# ASSIGNED TASK:
Your answer should be the lines below from the one holding "line L10 (-0.635, 0.254)" through the one holding "line L10 (1.7145, 3.048) -> (1.3335, 3.048)", copied exactly and with nothing else.

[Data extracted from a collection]
※ ※ ※

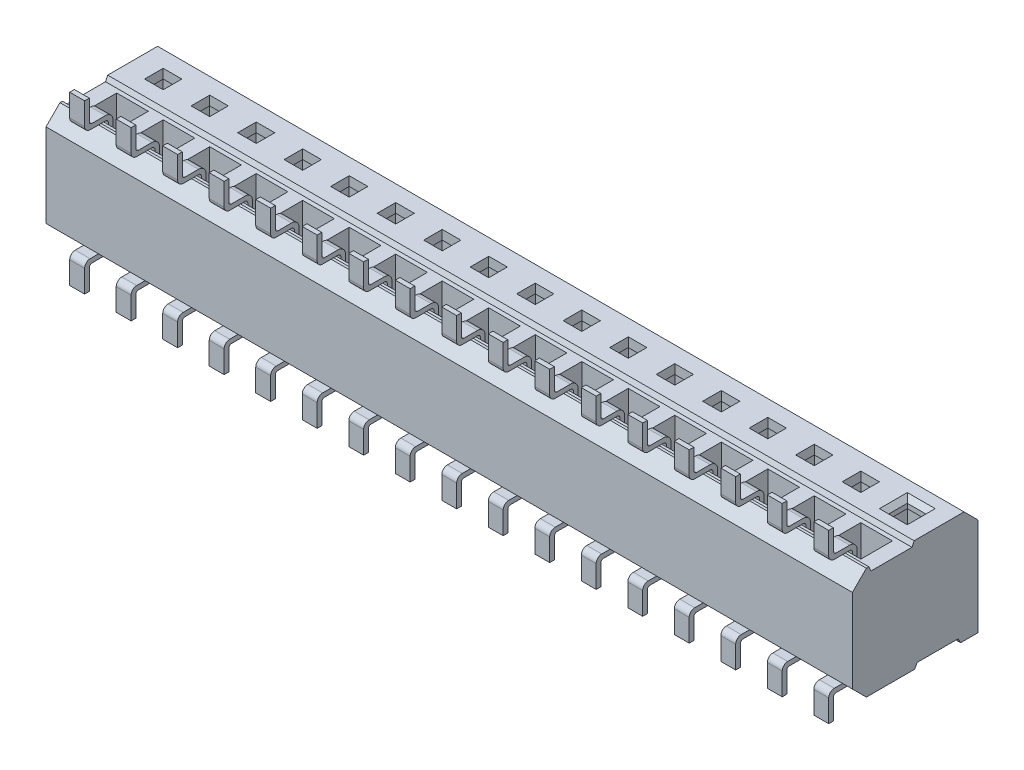
SolidWorks part; units mm, degrees
ref_plane "Front" through (0, 0, 0) normal (0, 0, 1) x (1, 0, 0)
ref_plane "Top" through (0, 0, 0) normal (0, 1, 0) x (1, 0, 0)
ref_plane "Right" through (0, 0, 0) normal (1, 0, 0) x (0, 0, -1)
sketch "Sketch1" plane through (0, 0, 0) normal (0, 1, 0) x (1, 0, 0)
  line L0 (-11.0109, -1.7145) -> (11.0109, 1.7145) construction
  line L1 (-11.0109, 1.7145) -> (11.0109, 1.7145)
  line L2 (-11.0109, 1.7145) -> (-11.0109, -1.7145)
  line L3 (-11.0109, -1.7145) -> (11.0109, -1.7145)
  line L4 (11.0109, 1.7145) -> (11.0109, -1.7145)
  dimension "D1" = 3.429
  dimension "D2" = 22.0218
extrude "Main Body" add sketch "Sketch1" along normal blind 3.048
ref_plane "Plane2" through (10.16, 0, 0) normal (1, 0, 0) x (0, 0, -1)
sketch "Sketch2" plane through (0, 3.048, 0) normal (0, 1, 0) x (-1, 0, 0)
  line L0 (0, 0) -> (-9.2157, 0) construction
  line L1 (-6.4241, -0.635) -> (-4.2326, -0.635) construction
  line L2 (-10.414, -0.381) -> (-9.906, -0.381)
  line L3 (-10.414, -0.381) -> (-10.414, -0.889)
  line L4 (-10.414, -0.889) -> (-9.906, -0.889)
  line L6 (-9.906, -0.381) -> (-9.906, -0.889)
  line L7 (-9.906, 0.381) -> (-9.906, 0.889)
  line L8 (-10.414, 0.889) -> (-9.906, 0.889)
  line L9 (-10.414, 0.381) -> (-10.414, 0.889)
  line L10 (-10.16, 1.9747) -> (-10.16, -2.1621) construction
  line L11 (-11.0109, 1.7145) -> (-11.0109, -1.7145) construction
  line L12 (-10.414, 0.381) -> (-9.906, 0.381)
  line L13 (-6.4241, 0.635) -> (-4.3872, 0.635) construction
  dimension "D1" = 1.27
  dimension "D2" = 0.508
  dimension "D3" = 0.508
  dimension "D4" = 0.8509
extrude "Cut-Extrude1" cut sketch "Sketch2" against normal blind 2.794
chamfer "Chamfer1" distance 0.127 distance2 0.127 8 edges at (10.414, 3.048, -0.635) (10.16, 3.048, -0.889) (9.906, 3.048, -0.635) (10.16, 3.048, -0.381) (10.16, 3.048, 0.381) (9.906, 3.048, 0.635) (10.16, 3.048, 0.889) (10.414, 3.048, 0.635)
sketch "Sketch6" plane through (11.0109, 0, 0) normal (1, 0, 0) x (0, 0, -1)
  line L1 (-1.7145, 3.048) -> (-1.7145, 0) construction
  line L2 (-1.7145, 0) -> (1.7145, 0) construction
  line L3 (-1.4097, 0) -> (1.4097, 0)
  line L5 (-1.4097, 0.127) -> (-1.4097, 0)
  line L7 (-1.4097, 0.127) -> (1.4097, 0.127)
  line L9 (1.4097, 0.127) -> (1.4097, 0)
  line L12 (1.7145, 3.048) -> (1.7145, 0) construction
  dimension "D2" = 0.3048
  dimension "D1" = 0.127
  dimension "D3" = 0.3048
sketch "Sketch7" plane through (10.16, 0, 0) normal (1, 0, 0) x (0, 0, -1)
  line L0 (0, 0) -> (0, 2.2434) construction
  line L1 (-0.889, 1.5621) -> (-0.889, 1.0541)
  line L2 (-1.143, 0.9271) -> (-2.159, 0.9271)
  line L3 (-0.889, 0.254) -> (-0.889, 2.921) construction
  line L4 (-1.016, 1.5621) -> (-1.016, 1.0541)
  line L5 (-2.159, 0.9271) -> (-2.159, 0.8001)
  line L6 (-1.143, 0.8001) -> (-2.159, 0.8001)
  line L7 (-1.7145, 3.048) -> (1.7145, 3.048) construction
  line L8 (-1.016, 1.5621) -> (-0.889, 1.5621)
  line L9 (1.016, 1.5621) -> (0.889, 1.5621)
  line L10 (1.143, 0.8001) -> (2.159, 0.8001)
  line L11 (2.159, 0.9271) -> (2.159, 0.8001)
  line L12 (1.016, 1.5621) -> (1.016, 1.0541)
  line L13 (1.143, 0.9271) -> (2.159, 0.9271)
  line L14 (0.889, 1.5621) -> (0.889, 1.0541)
  arc A0 (-0.889, 1.0541) -> (-1.143, 0.8001) centre (-1.143, 1.0541) cw
  arc A1 (-1.016, 1.0541) -> (-1.143, 0.9271) centre (-1.143, 1.0541) cw
  arc A2 (1.016, 1.0541) -> (1.143, 0.9271) centre (1.143, 1.0541) ccw
  arc A3 (0.889, 1.0541) -> (1.143, 0.8001) centre (1.143, 1.0541) ccw
  dimension "D2" = 0.254
  dimension "D1" = 2.2479
  dimension "D4" = 4.318
  dimension "D5" = 0.762
  dimension "D3" = 0.127
sketch "Sketch30" plane through (10.16, 0, 0) normal (1, 0, 0) x (0, 0, -1)
  line L0 (-1.7145, 3.048) -> (1.7145, 3.048) construction
  line L1 (-1.0668, 3.048) -> (-0.2032, 3.048)
  line L2 (-1.0668, 3.048) -> (-1.0668, 0.254)
  line L3 (-1.0668, 0.254) -> (-0.2032, 0.254)
  line L4 (-0.2032, 3.048) -> (-0.2032, 0.254)
  line L5 (-1.7145, 0) -> (1.7145, 0) construction
  line L6 (0.2032, 0) -> (1.0668, 0)
  line L7 (0.2032, 0) -> (0.2032, 2.794)
  line L8 (0.2032, 2.794) -> (1.0668, 2.794)
  line L9 (1.0668, 0) -> (1.0668, 2.794)
  line L10 (-0.635, 0.254) -> (-0.635, 1.4535) construction
  line L12 (0.635, 2.794) -> (0.635, 2.0625) construction
  line L14 (0, 0) -> (0, 3.8542) construction
  point P14 (0, 0)
  dimension "D1" = 0.254
  dimension "D3" = 0.8636
  dimension "D4" = 1.27
  dimension "D5" = 0.8636
  dimension "D6" = 0.254
extrude "Pin Cut-DH" cut sketch "Sketch30" against normal mid plane 0.8636
sketch "Sketch10" plane through (11.0109, 0, 0) normal (1, 0, 0) x (0, 0, -1)
  line L0 (0, 3.5147) -> (0, -0.2313) construction
  line L1 (-1.7373, 1.524) -> (1.6711, 1.524) construction
  line L2 (-1.7145, 3.048) -> (-1.3335, 3.048)
  line L3 (-1.7145, 3.048) -> (1.7145, 3.048) construction
  line L4 (-1.2649, 3.048) -> (-0.0305, 3.048)
  line L5 (-1.7145, 3.048) -> (-1.7145, 2.667)
  line L6 (-1.7145, 2.667) -> (-1.3335, 3.048)
  line L7 (1.7145, 2.667) -> (1.3335, 3.048)
  line L8 (-1.7145, 0) -> (1.7145, 0) construction
  line L9 (1.7145, 3.048) -> (1.7145, 2.667)
  line L10 (1.7145, 3.048) -> (1.3335, 3.048)
  line L11 (-1.7145, 0.381) -> (-1.3335, 0)
  line L12 (-1.7145, 0) -> (-1.7145, 0.381)
  line L13 (-1.7145, 0) -> (-1.3335, 0)
  line L14 (-0.0305, 3.048) -> (-0.0889, 2.921)
  line L15 (-0.0889, 2.921) -> (-1.2065, 2.921)
  line L16 (-1.2065, 2.921) -> (-1.2649, 3.048)
  line L17 (-0.0152, 0) -> (0.0533, 0.127)
  line L18 (0.0533, 0.127) -> (1.1709, 0.127)
  line L19 (1.1709, 0.127) -> (1.2395, 0)
  line L20 (-0.0152, 0) -> (1.2395, 0)
  line L21 (-0.6477, 2.921) -> (-0.6477, 2.4488) construction
  line L22 (1.7145, 3.048) -> (1.7145, 0) construction
  line L23 (0.6121, 0.127) -> (0.6121, 0.4568) construction
  dimension "D2" = 0.381
  dimension "D3" = 0.0686
  dimension "D1" = 0.381
  dimension "D4" = 0.127
  dimension "D5" = 0.0584
  dimension "D6" = 1.1176
  dimension "D7" = 0.127
  dimension "D8" = 1.1176
  dimension "D9" = 0.0686
  dimension "D10" = 0.475
extrude "Body Cut-DH" cut sketch "Sketch10" against normal through all
pattern_linear "DH Cut Pattern" count 17 spacing 1.27 along (-1, 0, 0) of "Cut-Extrude1", "Pin Cut-DH"
sketch "Sketch11" plane through (10.16, 0, 0) normal (1, 0, 0) x (0, 0, -1)
  line L0 (-0.0305, 3.048) -> (1.3335, 3.048) construction
  line L1 (-1.0668, 2.921) -> (-1.0668, 0.254) construction
  line L2 (-1.5621, 3.048) -> (-1.143, 3.048)
  line L3 (-1.7145, 2.667) -> (-1.7145, 0.381) construction
  line L4 (-1.7145, 3.81) -> (-1.7145, 3.2004)
  line L5 (-1.0668, 2.9718) -> (-1.0668, 2.4867)
  line L6 (-1.3335, 0) -> (-0.0152, 0) construction
  line L8 (-0.9398, 2.9718) -> (-0.9398, 2.4867)
  line L9 (-1.5113, 3.175) -> (-1.143, 3.175)
  line L10 (-1.5875, 3.81) -> (-1.5875, 3.2512)
  line L11 (-1.0668, 2.4867) -> (-0.9398, 2.4867)
  line L12 (-1.7145, 3.81) -> (-1.5875, 3.81)
  line L13 (0.2032, 0.6865) -> (0.2032, 0.0762)
  line L15 (-1.5621, 0) -> (0.127, 0)
  line L16 (-1.5875, -0.2032) -> (-1.5875, -0.762)
  line L17 (-1.7145, -0.1524) -> (-1.7145, -0.762)
  line L18 (0.3302, 0.6865) -> (0.3302, 0.0762)
  line L19 (-1.5113, -0.127) -> (0.127, -0.127)
  line L20 (-1.7145, -0.762) -> (-1.5875, -0.762)
  line L21 (0.2032, 0.6865) -> (0.3302, 0.6865)
  line L24 (0.2032, 2.794) -> (0.2032, 0.127) construction
  arc A0 (-1.0668, 2.9718) -> (-1.143, 3.048) centre (-1.143, 2.9718) ccw
  arc A1 (-1.5621, 3.048) -> (-1.7145, 3.2004) centre (-1.5621, 3.2004) cw
  arc A2 (-0.9398, 2.9718) -> (-1.143, 3.175) centre (-1.143, 2.9718) ccw
  arc A3 (-1.5621, 0) -> (-1.7145, -0.1524) centre (-1.5621, -0.1524) ccw
  arc A4 (0.2032, 0.0762) -> (0.127, 0) centre (0.127, 0.0762) cw
  arc A5 (0.3302, 0.0762) -> (0.127, -0.127) centre (0.127, 0.0762) cw
  arc A6 (-1.5113, -0.127) -> (-1.5875, -0.2032) centre (-1.5113, -0.2032) ccw
  arc A7 (-1.5113, 3.175) -> (-1.5875, 3.2512) centre (-1.5113, 3.2512) cw
  dimension "D1" = 0.0762
  dimension "D5" = 0.762
  dimension "D8" = 0.1524
  dimension "D7" = 0.0762
  dimension "D9" = 0.0762
  dimension "D12" = 0.2032
  dimension "D13" = 0.0762
  dimension "D14" = 0.1524
  dimension "D3" = 0.127
  dimension "D4" = 0.127
  dimension "D10" = 0.762
  dimension "D11" = 0.8135
  dimension "D15" = 0.6883
  dimension "D6" = 0.127
extrude "Lead Pin-DH" add sketch "Sketch11" along normal mid plane 0.4064
pattern_linear "Lead Pattern-DH" count 17 spacing 1.27 along (-1, 0, 0) of "Lead Pin-DH"

※ ※ ※

# REPLY:
  line L10 (-0.635, 0.254) -> (-0.635, 1.4535) construction
  line L12 (0.635, 2.794) -> (0.635, 2.0625) construction
  line L14 (0, 0) -> (0, 3.8542) construction
  point P14 (0, 0)
  dimension "D1" = 0.254
  dimension "D3" = 0.8636
  dimension "D4" = 1.27
  dimension "D5" = 0.8636
  dimension "D6" = 0.254
extrude "Pin Cut-DH" cut sketch "Sketch30" against normal mid plane 0.8636
sketch "Sketch10" plane through (11.0109, 0, 0) normal (1, 0, 0) x (0, 0, -1)
  line L0 (0, 3.5147) -> (0, -0.2313) construction
  line L1 (-1.7373, 1.524) -> (1.6711, 1.524) construction
  line L2 (-1.7145, 3.048) -> (-1.3335, 3.048)
  line L3 (-1.7145, 3.048) -> (1.7145, 3.048) construction
  line L4 (-1.2649, 3.048) -> (-0.0305, 3.048)
  line L5 (-1.7145, 3.048) -> (-1.7145, 2.667)
  line L6 (-1.7145, 2.667) -> (-1.3335, 3.048)
  line L7 (1.7145, 2.667) -> (1.3335, 3.048)
  line L8 (-1.7145, 0) -> (1.7145, 0) construction
  line L9 (1.7145, 3.048) -> (1.7145, 2.667)
  line L10 (1.7145, 3.048) -> (1.3335, 3.048)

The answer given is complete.